Server security is of the utmost importance.
Each of the cloud providers that we integrate with have a set of security standards, compliance, and certifications that they stand by. Here are links to each providers security sections:
- AWS - https://aws.amazon.com/security/
- DigitalOcean - https://www.digitalocean.com/legal/certifications/
- Hetzner - https://www.hetzner.com/assets/Uploads/downloads/Sicherheit-en.pdf
- Linode - https://www.linode.com/legal-security/
- Vultr - https://www.vultr.com/docs/category/security/
In addition to security measures taken by your chosen cloud provider(s), Cleavr performs the following security actions when provisioning your servers:
- Installs fail2ban - an intrusion prevention framework that helps prevent servers from brute-force attacks
- Configures Uncomplicated Firewall (UFW) - a firewall config tool that comes standard with Ubuntu, by opening ports 80, 443, and 22 and denying all other incoming connections and enables logging
- Sets up SSH private and public keys to allow for secured remote connections
- Configures server to automatically install server level security updates
What additional security measures does Cleavr employ?

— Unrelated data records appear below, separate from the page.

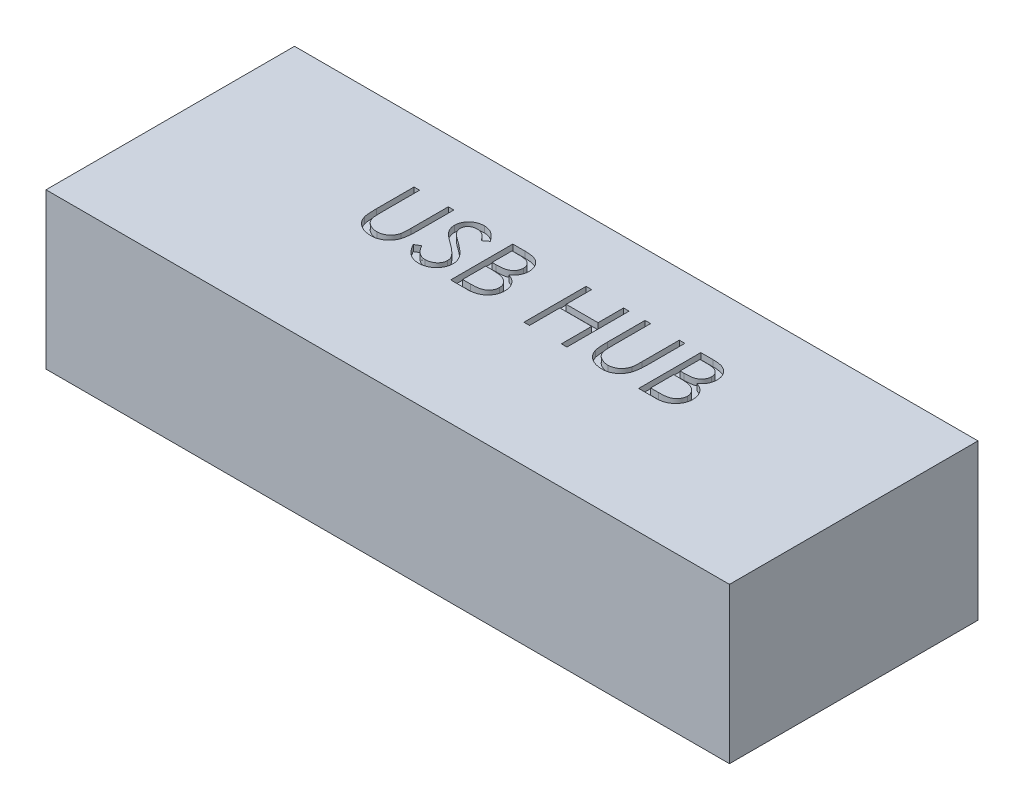
from build123d import *

# Parameters (mm, degrees)
SKETCH1_W           = 110
SKETCH1_H           = 40
BOSS_EXTRUDE1_DEPTH = 25
CUT_EXTRUDE1_DEPTH  = 1


with BuildPart() as part:
    # Sketch1 → Boss-Extrude1 (new body)
    with BuildSketch(Plane(origin=(0, 0, 0), x_dir=(1, 0, 0), z_dir=(0, 1, 0))):
        with Locations((55, 20)):
            Rectangle(SKETCH1_W, SKETCH1_H)
    extrude(amount=BOSS_EXTRUDE1_DEPTH)

    # Sketch2 → Cut-Extrude1 (cut)
    with BuildSketch(Plane(origin=(0, 25, 0), x_dir=(1, 0, 0), z_dir=(0, 1, 0))):
        with BuildLine():
            Line((29.230769231, 30), (30.128205128, 30))
            Line((30.128205128, 30), (30.128205128, 24.008413462))
            add(Edge.make_bspline(
                [(30.128205128, 24.008413462), (30.128071574, 23.923611359), (30.127818132, 23.762684757), (30.129511029, 23.533632469), (30.134252081, 23.329996872), (30.137241109, 23.150993022), (30.143890633, 22.997442315), (30.149313624, 22.868512856), (30.156286643, 22.764815135), (30.164666979, 22.704298203), (30.168269231, 22.678285256)],
                knots=[0, 0, 0, 0, 1.528628734, 2.90083645, 4.128790002, 5.200304208, 6.127813768, 6.898992206, 7.526736466, 8, 8, 8, 8], degree=3))
            add(Edge.make_bspline(
                [(30.168269231, 22.678285256), (30.18306197, 22.584437361), (30.211813931, 22.402029564), (30.285089296, 22.142291615), (30.387425013, 21.908201735), (30.50869085, 21.692455189), (30.668498311, 21.501057017), (30.859936983, 21.324738009), (31.091873464, 21.170532853), (31.349760909, 21.029530533), (31.627718731, 20.916201727), (31.91175092, 20.8305064), (32.197588004, 20.778280972), (32.388948475, 20.772233718), (32.483974359, 20.769230769)],
                knots=[0, 0, 0, 0, 1.035780045, 2.013197591, 2.933192213, 3.817615948, 4.702609284, 5.640816605, 6.646850145, 7.73207398, 8.84249596, 9.914020372, 10.964143139, 12, 12, 12, 12], degree=3))
            add(Edge.make_bspline(
                [(32.483974359, 20.769230769), (32.565556474, 20.772298913), (32.728249508, 20.778417479), (32.969982167, 20.816307282), (33.205411049, 20.884594613), (33.435698706, 20.972708208), (33.651558662, 21.089129897), (33.853111353, 21.22361801), (34.033008308, 21.38136337), (34.197174016, 21.555935783), (34.340130976, 21.75290664), (34.464048523, 21.967987034), (34.565551179, 22.20441374), (34.615675536, 22.370569232), (34.641426282, 22.455929487)],
                knots=[0, 0, 0, 0, 0.994687771, 1.983630487, 2.973142513, 3.978332533, 4.983357753, 5.956394766, 6.925816176, 7.893390482, 8.871859704, 9.88551698, 10.913711441, 12, 12, 12, 12], degree=3))
            add(Edge.make_bspline(
                [(34.641426282, 22.455929487), (34.649998069, 22.491211128), (34.669099463, 22.569832843), (34.686948163, 22.702750816), (34.705538236, 22.85957757), (34.718437007, 23.041439892), (34.731011923, 23.247728385), (34.738534988, 23.479517692), (34.742012225, 23.735966152), (34.743048455, 23.914929471), (34.743589744, 24.008413462)],
                knots=[0, 0, 0, 0, 0.558680831, 1.244966039, 2.062412453, 2.990489873, 4.051219941, 5.244515665, 6.560634259, 8, 8, 8, 8], degree=3))
            Line((34.743589744, 24.008413462), (34.743589744, 30))
            Line((34.743589744, 30), (35.641025641, 30))
            Line((35.641025641, 30), (35.641025641, 23.960336538))
            add(Edge.make_bspline(
                [(35.641025641, 23.960336538), (35.640299583, 23.851484027), (35.638882636, 23.639051733), (35.626595275, 23.327762136), (35.607003846, 23.032467904), (35.579323595, 22.753129342), (35.542646443, 22.49074603), (35.501860099, 22.243018121), (35.449918576, 22.011723856), (35.389251715, 21.795059806), (35.319898721, 21.588815482), (35.230066869, 21.393076583), (35.128854012, 21.201892584), (35.008812146, 21.01815513), (34.873922481, 20.841050692), (34.721203394, 20.671653335), (34.555705791, 20.50725606), (34.374678478, 20.352075871), (34.181105549, 20.209765366), (33.975562812, 20.084628877), (33.759629185, 19.978847113), (33.533865967, 19.891773043), (33.298176816, 19.82630276), (33.052555788, 19.7775166), (32.796443807, 19.74979575), (32.622259075, 19.74567595), (32.534054487, 19.743589744)],
                knots=[0, 0, 0, 0, 1.316592851, 2.569410997, 3.76748051, 4.895814652, 5.963796859, 6.97159953, 7.931736103, 8.829262218, 9.692595152, 10.560224239, 11.431080259, 12.30701507, 13.211635791, 14.121146779, 15.063487852, 16.031507147, 17.00238618, 17.966455255, 18.938106653, 19.907068911, 20.888905087, 21.893141452, 22.933117798, 24, 24, 24, 24], degree=3))
            add(Edge.make_bspline(
                [(32.534054487, 19.743589744), (32.437857051, 19.74583193), (32.249118026, 19.750231092), (31.971009262, 19.775438949), (31.704397273, 19.822920076), (31.446466195, 19.883377058), (31.200727632, 19.966759165), (30.96388922, 20.064182378), (30.740007274, 20.183831694), (30.525449763, 20.316955674), (30.32595046, 20.466740354), (30.142815023, 20.629997994), (29.975741107, 20.804113358), (29.827544831, 20.990971546), (29.695770875, 21.18911928), (29.58225598, 21.399117108), (29.484789568, 21.620883726), (29.434485091, 21.775035727), (29.409054487, 21.852964744)],
                knots=[0, 0, 0, 0, 1.13879206, 2.234305948, 3.301075583, 4.341971843, 5.366689343, 6.369221514, 7.369726634, 8.367512178, 9.355451585, 10.318319045, 11.268648973, 12.207971039, 13.137398894, 14.081662264, 15.030215811, 16, 16, 16, 16], degree=3))
            add(Edge.make_bspline(
                [(29.409054487, 21.852964744), (29.394262607, 21.906200671), (29.362178688, 22.021670582), (29.327820695, 22.212774835), (29.298937605, 22.432817457), (29.271778867, 22.681813509), (29.255753273, 22.959955985), (29.241703448, 23.267124316), (29.230670251, 23.603689921), (29.230735315, 23.838131394), (29.230769231, 23.960336538)],
                knots=[0, 0, 0, 0, 0.625038921, 1.35572334, 2.194682327, 3.136881307, 4.189498639, 5.346923369, 6.617055217, 8, 8, 8, 8], degree=3))
            Line((29.230769231, 23.960336538), (29.230769231, 30))
        make_face()
        with BuildLine():
            Line((37.179487179, 21.929086538), (38.024839744, 22.435897436))
            add(Edge.make_bspline(
                [(38.024839744, 22.435897436), (38.103463279, 22.304284907), (38.254102938, 22.052120382), (38.505392535, 21.711383124), (38.765772281, 21.421776961), (39.037170377, 21.184986654), (39.317930229, 20.998561264), (39.609884668, 20.866554887), (39.912049842, 20.784223529), (40.117689332, 20.774223282), (40.220352564, 20.769230769)],
                knots=[0, 0, 0, 0, 1.272034388, 2.437168799, 3.508375237, 4.49857839, 5.41946034, 6.295179144, 7.148887113, 8, 8, 8, 8], degree=3))
            add(Edge.make_bspline(
                [(40.220352564, 20.769230769), (40.308029308, 20.771672691), (40.48184866, 20.776513806), (40.737740783, 20.823030383), (40.986260218, 20.894493608), (41.222284897, 20.996839127), (41.442558081, 21.120663372), (41.635720068, 21.270223879), (41.802708963, 21.437670181), (41.939306433, 21.624477766), (42.044106534, 21.825383905), (42.124655301, 22.031600909), (42.169355511, 22.246368247), (42.176089093, 22.390969569), (42.179487179, 22.463942308)],
                knots=[0, 0, 0, 0, 1.095163259, 2.171163733, 3.241058638, 4.321873601, 5.38011039, 6.391990106, 7.366004449, 8.327778327, 9.272591725, 10.192022065, 11.087607919, 12, 12, 12, 12], degree=3))
            add(Edge.make_bspline(
                [(42.179487179, 22.463942308), (42.175274863, 22.547201878), (42.16671184, 22.716456419), (42.094336182, 22.966169713), (41.980481191, 23.213291342), (41.875445067, 23.3661521), (41.820913462, 23.445512821)],
                knots=[0, 0, 0, 0, 0.938893495, 1.908633276, 2.914225137, 4, 4, 4, 4], degree=3))
            add(Edge.make_bspline(
                [(41.820913462, 23.445512821), (41.776140278, 23.502789459), (41.68214458, 23.623034598), (41.520551687, 23.802020985), (41.330934218, 23.986645039), (41.119781204, 24.183956631), (40.87940095, 24.384778907), (40.617322337, 24.598688272), (40.326854169, 24.817549921), (40.123141321, 24.96432868), (40.018028846, 25.040064103)],
                knots=[0, 0, 0, 0, 0.722233717, 1.516239348, 2.393582979, 3.351407094, 4.387010283, 5.505090956, 6.712668013, 8, 8, 8, 8], degree=3))
            add(Edge.make_bspline(
                [(40.018028846, 25.040064103), (39.912817428, 25.115002924), (39.71166121, 25.258280245), (39.430350974, 25.470921057), (39.178795366, 25.665332112), (38.958112461, 25.843343575), (38.768399328, 26.004979589), (38.60816101, 26.148687987), (38.481479419, 26.278355303), (38.411034903, 26.362473423), (38.379407051, 26.400240385)],
                knots=[0, 0, 0, 0, 1.452282411, 2.77665338, 3.964542531, 5.026858415, 5.96415736, 6.766646006, 7.446254459, 8, 8, 8, 8], degree=3))
            add(Edge.make_bspline(
                [(38.379407051, 26.400240385), (38.335199779, 26.45910049), (38.248260246, 26.574856786), (38.13350023, 26.755784951), (38.035959765, 26.940994281), (37.959495959, 27.130982466), (37.895106762, 27.323082262), (37.851798389, 27.519800107), (37.824680112, 27.720253303), (37.821903007, 27.855149019), (37.820512821, 27.922676282)],
                knots=[0, 0, 0, 0, 1.068054152, 2.10047183, 3.106115577, 4.101338837, 5.06977816, 6.043150881, 7.020423561, 8, 8, 8, 8], degree=3))
            add(Edge.make_bspline(
                [(37.820512821, 27.922676282), (37.824241989, 28.028475638), (37.831620618, 28.237812963), (37.894022096, 28.543615336), (37.992516078, 28.835576528), (38.130501471, 29.110806053), (38.308379623, 29.362137427), (38.514225264, 29.592461675), (38.759400939, 29.786086196), (39.028408434, 29.955263505), (39.322855211, 30.087680435), (39.631400649, 30.187568949), (39.954535141, 30.244166828), (40.17340124, 30.252289014), (40.284455128, 30.256410256)],
                knots=[0, 0, 0, 0, 1.005424448, 1.989358655, 2.955360095, 3.929531133, 4.905563448, 5.876582895, 6.856512386, 7.866279853, 8.892233794, 9.918561126, 10.94386622, 12, 12, 12, 12], degree=3))
            add(Edge.make_bspline(
                [(40.284455128, 30.256410256), (40.402295415, 30.252345823), (40.636642134, 30.244262963), (40.981354179, 30.173984302), (41.31324194, 30.057696668), (41.580222696, 29.925729074), (41.789173443, 29.793925029), (41.948524108, 29.673868388), (42.110002539, 29.535653792), (42.274911267, 29.378913089), (42.440456008, 29.202208086), (42.609094443, 29.006748975), (42.781220926, 28.793730244), (42.891951955, 28.641660242), (42.948717949, 28.563701923)],
                knots=[0, 0, 0, 0, 1.286793592, 2.559021753, 3.825965368, 5.121522368, 5.803751409, 6.523245864, 7.299691795, 8.125521123, 9.008227632, 9.944561021, 10.946284179, 12, 12, 12, 12], degree=3))
            Line((42.948717949, 28.563701923), (42.137419872, 27.948717949))
            add(Edge.make_bspline(
                [(42.137419872, 27.948717949), (42.088431493, 28.011828493), (41.99409133, 28.133364645), (41.850864225, 28.303568404), (41.715868088, 28.45904406), (41.582866946, 28.594087282), (41.458885142, 28.716093378), (41.338550735, 28.820549826), (41.223595446, 28.908480098), (41.078689987, 29.002318841), (40.896639363, 29.095337423), (40.668112117, 29.174049074), (40.429294188, 29.221349251), (40.266638098, 29.227603216), (40.184294872, 29.230769231)],
                knots=[0, 0, 0, 0, 1.181633172, 2.275549214, 3.290209073, 4.226197932, 5.078386478, 5.862611352, 6.581680152, 7.217281963, 8.414376989, 9.595101626, 10.782541182, 12, 12, 12, 12], degree=3))
            add(Edge.make_bspline(
                [(40.184294872, 29.230769231), (40.080990522, 29.227307231), (39.881777815, 29.22063109), (39.598948569, 29.147716847), (39.344394498, 29.032911531), (39.125672883, 28.872011594), (38.943567234, 28.681380186), (38.811837352, 28.462012029), (38.732551168, 28.219776593), (38.722876083, 28.050800432), (38.717948718, 27.96474359)],
                knots=[0, 0, 0, 0, 1.14458467, 2.207223713, 3.21896685, 4.227309161, 5.202851033, 6.127160689, 7.046193047, 8, 8, 8, 8], degree=3))
            add(Edge.make_bspline(
                [(38.717948718, 27.96474359), (38.719071937, 27.911167937), (38.721320212, 27.803929024), (38.752676776, 27.64549639), (38.792960573, 27.487463992), (38.856796664, 27.330542326), (38.944926103, 27.171987015), (39.060655177, 27.009067765), (39.206407497, 26.840348597), (39.318056104, 26.730613243), (39.377003205, 26.672676282)],
                knots=[0, 0, 0, 0, 0.858281714, 1.717966888, 2.583508476, 3.4729293, 4.427298488, 5.488583878, 6.674047936, 8, 8, 8, 8], degree=3))
            add(Edge.make_bspline(
                [(39.377003205, 26.672676282), (39.398892841, 26.653141923), (39.450897604, 26.606732756), (39.545971677, 26.530754811), (39.671522529, 26.437032605), (39.824271676, 26.321068843), (40.007035566, 26.18655038), (40.219834298, 26.035197203), (40.460295821, 25.862095891), (40.630929866, 25.741074346), (40.721153846, 25.677083333)],
                knots=[0, 0, 0, 0, 0.420754252, 0.999615792, 1.744751191, 2.668019286, 3.750313428, 4.999500688, 6.413464383, 8, 8, 8, 8], degree=3))
            add(Edge.make_bspline(
                [(40.721153846, 25.677083333), (40.829685027, 25.59810802), (41.039840617, 25.445183272), (41.338862274, 25.215424187), (41.60998744, 24.990716276), (41.854168021, 24.772494542), (42.073816331, 24.562414276), (42.266495533, 24.357948047), (42.434168905, 24.160560696), (42.614680958, 23.907496194), (42.799131871, 23.596693096), (42.957536178, 23.215898129), (43.057417171, 22.833622928), (43.070478643, 22.576689109), (43.076923077, 22.449919872)],
                knots=[0, 0, 0, 0, 1.163667725, 2.253281268, 3.268753668, 4.215851969, 5.092017293, 5.902905408, 6.650798638, 7.335211899, 8.59617414, 9.77448103, 10.901945474, 12, 12, 12, 12], degree=3))
            add(Edge.make_bspline(
                [(43.076923077, 22.449919872), (43.075045539, 22.3602674), (43.071326925, 22.182703447), (43.028581457, 21.921974656), (42.965953842, 21.6687436), (42.871561745, 21.426140421), (42.756352722, 21.189726814), (42.610163442, 20.965704241), (42.440712914, 20.749114531), (42.246330729, 20.545733127), (42.033628151, 20.35902971), (41.808817595, 20.192946677), (41.5715311, 20.054465753), (41.32305591, 19.941463347), (41.063334948, 19.853081869), (40.792455566, 19.7890451), (40.509971248, 19.749743068), (40.317969872, 19.74566375), (40.220352564, 19.743589744)],
                knots=[0, 0, 0, 0, 0.983748083, 1.948392443, 2.894712957, 3.844097841, 4.80183111, 5.778335162, 6.776009319, 7.81870978, 8.863265674, 9.881300176, 10.883814829, 11.87499822, 12.874611388, 13.892143829, 14.928324115, 16, 16, 16, 16], degree=3))
            add(Edge.make_bspline(
                [(40.220352564, 19.743589744), (40.144823013, 19.745050262), (39.994715127, 19.747952906), (39.772688036, 19.773613708), (39.555146352, 19.809919718), (39.344819832, 19.867559918), (39.138998656, 19.937494138), (38.938577986, 20.02360366), (38.743460689, 20.126795664), (38.55255331, 20.244781448), (38.366341382, 20.38208929), (38.186571474, 20.542013566), (38.00734523, 20.72014358), (37.833952669, 20.921316618), (37.662886542, 21.142282569), (37.497519658, 21.385108807), (37.334429036, 21.648472675), (37.232099128, 21.833801492), (37.179487179, 21.929086538)],
                knots=[0, 0, 0, 0, 0.915332311, 1.819136955, 2.706846663, 3.586547465, 4.459518054, 5.340707479, 6.227863349, 7.133153174, 8.059268498, 9.028702269, 10.047606654, 11.120612155, 12.245963614, 13.433783089, 14.680604001, 16, 16, 16, 16], degree=3))
        make_face()
        with BuildLine():
            Line((45.128205128, 30), (47.079326923, 30))
            add(Edge.make_bspline(
                [(47.079326923, 30), (47.174836861, 29.999497856), (47.35995889, 29.998524576), (47.629157296, 29.983429916), (47.881296754, 29.962848002), (48.11645039, 29.930190594), (48.334509539, 29.890785516), (48.53613136, 29.843066042), (48.720674709, 29.785847146), (48.940996813, 29.694857771), (49.192198702, 29.559648718), (49.464194109, 29.359852818), (49.69677765, 29.115474352), (49.897309985, 28.839809622), (50.056741756, 28.53656456), (50.172082605, 28.212966878), (50.245105106, 27.873190472), (50.252614918, 27.63992425), (50.256410256, 27.522035256)],
                knots=[0, 0, 0, 0, 1.001505555, 1.941167018, 2.826882275, 3.653841531, 4.429895133, 5.150066043, 5.825578002, 6.45369114, 7.647487171, 8.808567382, 9.977351308, 11.170798116, 12.373658725, 13.556498008, 14.765093433, 16, 16, 16, 16], degree=3))
            add(Edge.make_bspline(
                [(50.256410256, 27.522035256), (50.253286775, 27.411599383), (50.24714884, 27.194582477), (50.188455242, 26.877170736), (50.096567618, 26.575024397), (49.968838334, 26.289246153), (49.802832631, 26.026292972), (49.606094578, 25.784043641), (49.368732285, 25.572754907), (49.190894456, 25.454632328), (49.100560897, 25.39463141)],
                knots=[0, 0, 0, 0, 1.044552857, 2.05264487, 3.044412934, 4.028983338, 5.005914585, 5.980388656, 6.974128949, 8, 8, 8, 8], degree=3))
            add(Edge.make_bspline(
                [(49.100560897, 25.39463141), (49.214162119, 25.351017128), (49.431509397, 25.267572201), (49.73061229, 25.120042304), (49.988311847, 24.959579131), (50.206589407, 24.784345273), (50.393268421, 24.595462957), (50.556276826, 24.390162631), (50.695366466, 24.165766179), (50.814546248, 23.924613221), (50.907542694, 23.669166169), (50.977188135, 23.401821094), (51.017095132, 23.123536651), (51.022774107, 22.934149853), (51.025641026, 22.838541667)],
                knots=[0, 0, 0, 0, 1.27268992, 2.434971085, 3.483601985, 4.442670788, 5.356604649, 6.2567628, 7.179492994, 8.113709626, 9.066344395, 10.018646069, 10.999752585, 12, 12, 12, 12], degree=3))
            add(Edge.make_bspline(
                [(51.025641026, 22.838541667), (51.022850037, 22.740922032), (51.017358689, 22.548852666), (50.976844484, 22.266695139), (50.908247035, 21.997052434), (50.813758045, 21.738180484), (50.690437147, 21.490580099), (50.540357248, 21.253970774), (50.361409924, 21.030729829), (50.161230298, 20.81837662), (49.934767025, 20.627440085), (49.690436297, 20.457395209), (49.425161097, 20.317549317), (49.143298257, 20.20007497), (48.841685926, 20.110340117), (48.521678476, 20.047561334), (48.183551899, 20.005261229), (47.951524039, 20.0017835), (47.832532051, 20)],
                knots=[0, 0, 0, 0, 0.978564426, 1.925352924, 2.850884081, 3.763762016, 4.682927383, 5.618979971, 6.567305752, 7.547517671, 8.540179244, 9.531824382, 10.526200242, 11.540722885, 12.589160233, 13.674978461, 14.80764778, 16, 16, 16, 16], degree=3))
            Line((47.832532051, 20), (45.128205128, 20))
            Line((45.128205128, 20), (45.128205128, 30))
        make_face()
        with BuildLine():
            Line((46.025641026, 28.974358974), (46.025641026, 25.769230769))
            Line((46.025641026, 25.769230769), (46.628605769, 25.769230769))
            add(Edge.make_bspline(
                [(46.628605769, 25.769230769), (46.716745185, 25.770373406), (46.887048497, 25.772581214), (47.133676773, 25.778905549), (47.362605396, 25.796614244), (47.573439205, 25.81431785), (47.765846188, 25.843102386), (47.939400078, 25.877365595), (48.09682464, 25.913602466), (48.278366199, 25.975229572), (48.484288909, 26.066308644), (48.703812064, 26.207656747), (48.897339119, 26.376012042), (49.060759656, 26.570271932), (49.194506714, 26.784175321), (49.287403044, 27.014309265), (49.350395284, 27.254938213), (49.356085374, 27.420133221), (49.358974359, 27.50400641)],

We go through great lengths to ensure your information is secured as much as possible within the Cleavr system. We do this by:
- Never saving important server access information, including sudo password, database password, environment variables, and SSH keys. Cleavr is used as an interface to create and distribute this information to your provisioned servers; however, this information is not stored in Cleavr’s databases.
- Encrypting sensitive data in our database
- Not displaying back-end identifiers in URLs
HSTS
If you'd like to lock down and deter eavesdroppers listening over HTTP, you can enable the NGINX HSTS directives.
Before undertaking the tasks to enable, make sure you have SSL applied to your sites on the server. Also, make sure that you indeed want to enable it.
Step one
SSH into your server and open the following file.
/etc/nginx/h5bp/directive-only/ssl.conf
Step two
Scroll down until you see the following commented out section.
Uncomment the lines you want to enable and then save the file.
Step three
In Cleavr, restart NGINX service.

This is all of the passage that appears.